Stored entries
■ ■ ■ ■

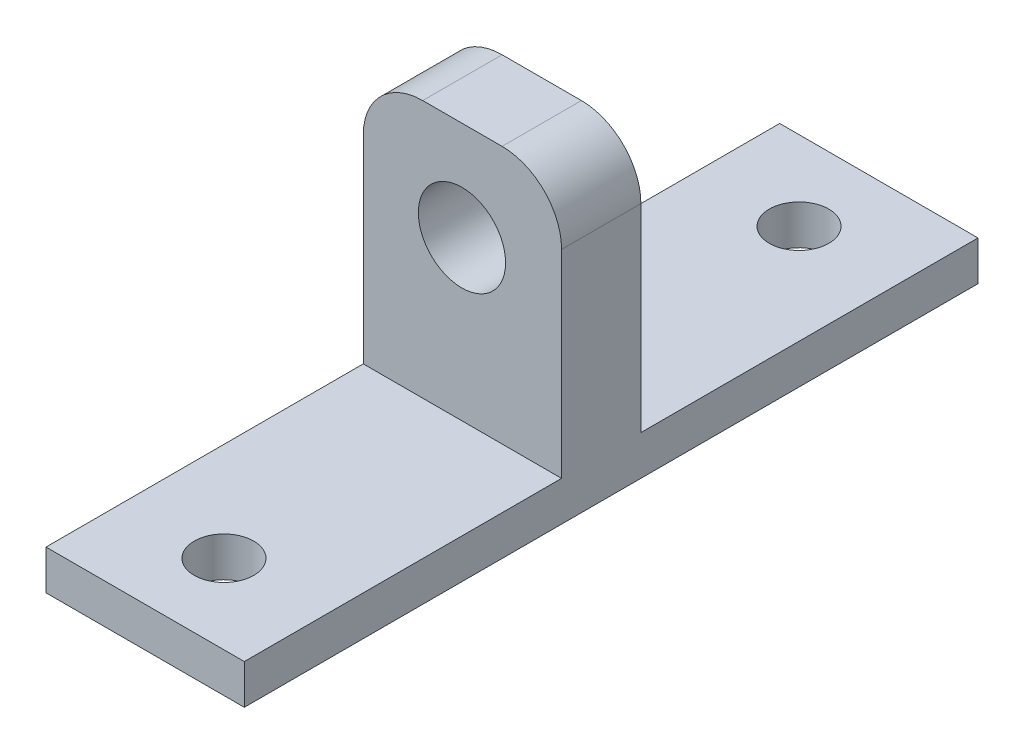
from build123d import *

# Parameters (mm, degrees)
SKETCH_1_R          = 2.2
EXTRUDE_1_DEPTH     = 4
SKETCH_2_R          = 1.5
EXTRUDE_2_DEPTH     = 2
FILLET_1_R          = 3
SKETCH_3_W          = 10
SKETCH_3_H          = 1
CUT_EXTRUDE_1_DEPTH = 10


with BuildPart() as part:
    # 草图1 → 凸台-拉伸1 (new body)
    with BuildSketch(Plane.XY):
        Polygon((-4.975166703, 0), (-4.975166703, -8), (5.024833297, -8), (5.024833297, 0), (5.024833297, 5), (-4.975166703, 5), align=None)
        Circle(SKETCH_1_R, mode=Mode.SUBTRACT)
    extrude(amount=EXTRUDE_1_DEPTH)

    # 草图2 → 凸台-拉伸2 (add)
    with BuildSketch(Plane.XZ.offset(8)):
        Polygon((5.024833297, 0), (5.024833297, -18), (-4.975166703, -18), (-4.975166703, 21), (5.024833297, 21), align=None)
        with Locations(Location((0, -13, 0), (0, 0, 270))):
            Circle(SKETCH_2_R, mode=Mode.SUBTRACT)
        with Locations(Location((0, 16, 0), (0, 0, 90))):
            Circle(SKETCH_2_R, mode=Mode.SUBTRACT)
    extrude(amount=EXTRUDE_2_DEPTH)

    # 圆角1
    fillet_1_edges = [part.edges().sort_by_distance(p)[0] for p in [
        (-4.975166703, 5, 2),
        (5.024833297, 5, 2),
    ]]
    fillet(fillet_1_edges, radius=FILLET_1_R)

    # 草图3 → 切除-拉伸1 (cut)
    with BuildSketch(Plane.XZ.offset(10)):
        with Locations((0.024833297, 20.5)):
            Rectangle(SKETCH_3_W, SKETCH_3_H)
        with Locations((0.024833297, -17.5)):
            Rectangle(SKETCH_3_W, SKETCH_3_H)
    extrude(amount=-CUT_EXTRUDE_1_DEPTH, mode=Mode.SUBTRACT)


solid = part.part

■ ■ ■ ■

- What needs to be done
Omit the pictures; set down each record exactly.

- Task response
from build123d import *

# Parameters (mm, degrees)
SKETCH_1_R          = 2.2
EXTRUDE_1_DEPTH     = 4
SKETCH_2_R          = 1.5
EXTRUDE_2_DEPTH     = 2
FILLET_1_R          = 3
SKETCH_3_W          = 10
SKETCH_3_H          = 1
CUT_EXTRUDE_1_DEPTH = 10


with BuildPart() as part:
    # 草图1 → 凸台-拉伸1 (new body)
    with BuildSketch(Plane.XY):
        Polygon((-4.975166703, 0), (-4.975166703, -8), (5.024833297, -8), (5.024833297, 0), (5.024833297, 5), (-4.975166703, 5), align=None)
        Circle(SKETCH_1_R, mode=Mode.SUBTRACT)
    extrude(amount=EXTRUDE_1_DEPTH)

    # 草图2 → 凸台-拉伸2 (add)
    with BuildSketch(Plane.XZ.offset(8)):
        Polygon((5.024833297, 0), (5.024833297, -18), (-4.975166703, -18), (-4.975166703, 21), (5.024833297, 21), align=None)
        with Locations(Location((0, -13, 0), (0, 0, 270))):
            Circle(SKETCH_2_R, mode=Mode.SUBTRACT)
        with Locations(Location((0, 16, 0), (0, 0, 90))):
            Circle(SKETCH_2_R, mode=Mode.SUBTRACT)
    extrude(amount=EXTRUDE_2_DEPTH)

    # 圆角1
    fillet_1_edges = [part.edges().sort_by_distance(p)[0] for p in [
        (-4.975166703, 5, 2),
        (5.024833297, 5, 2),
    ]]
    fillet(fillet_1_edges, radius=FILLET_1_R)

    # 草图3 → 切除-拉伸1 (cut)
    with BuildSketch(Plane.XZ.offset(10)):
        with Locations((0.024833297, 20.5)):
            Rectangle(SKETCH_3_W, SKETCH_3_H)
        with Locations((0.024833297, -17.5)):
            Rectangle(SKETCH_3_W, SKETCH_3_H)
    extrude(amount=-CUT_EXTRUDE_1_DEPTH, mode=Mode.SUBTRACT)


solid = part.part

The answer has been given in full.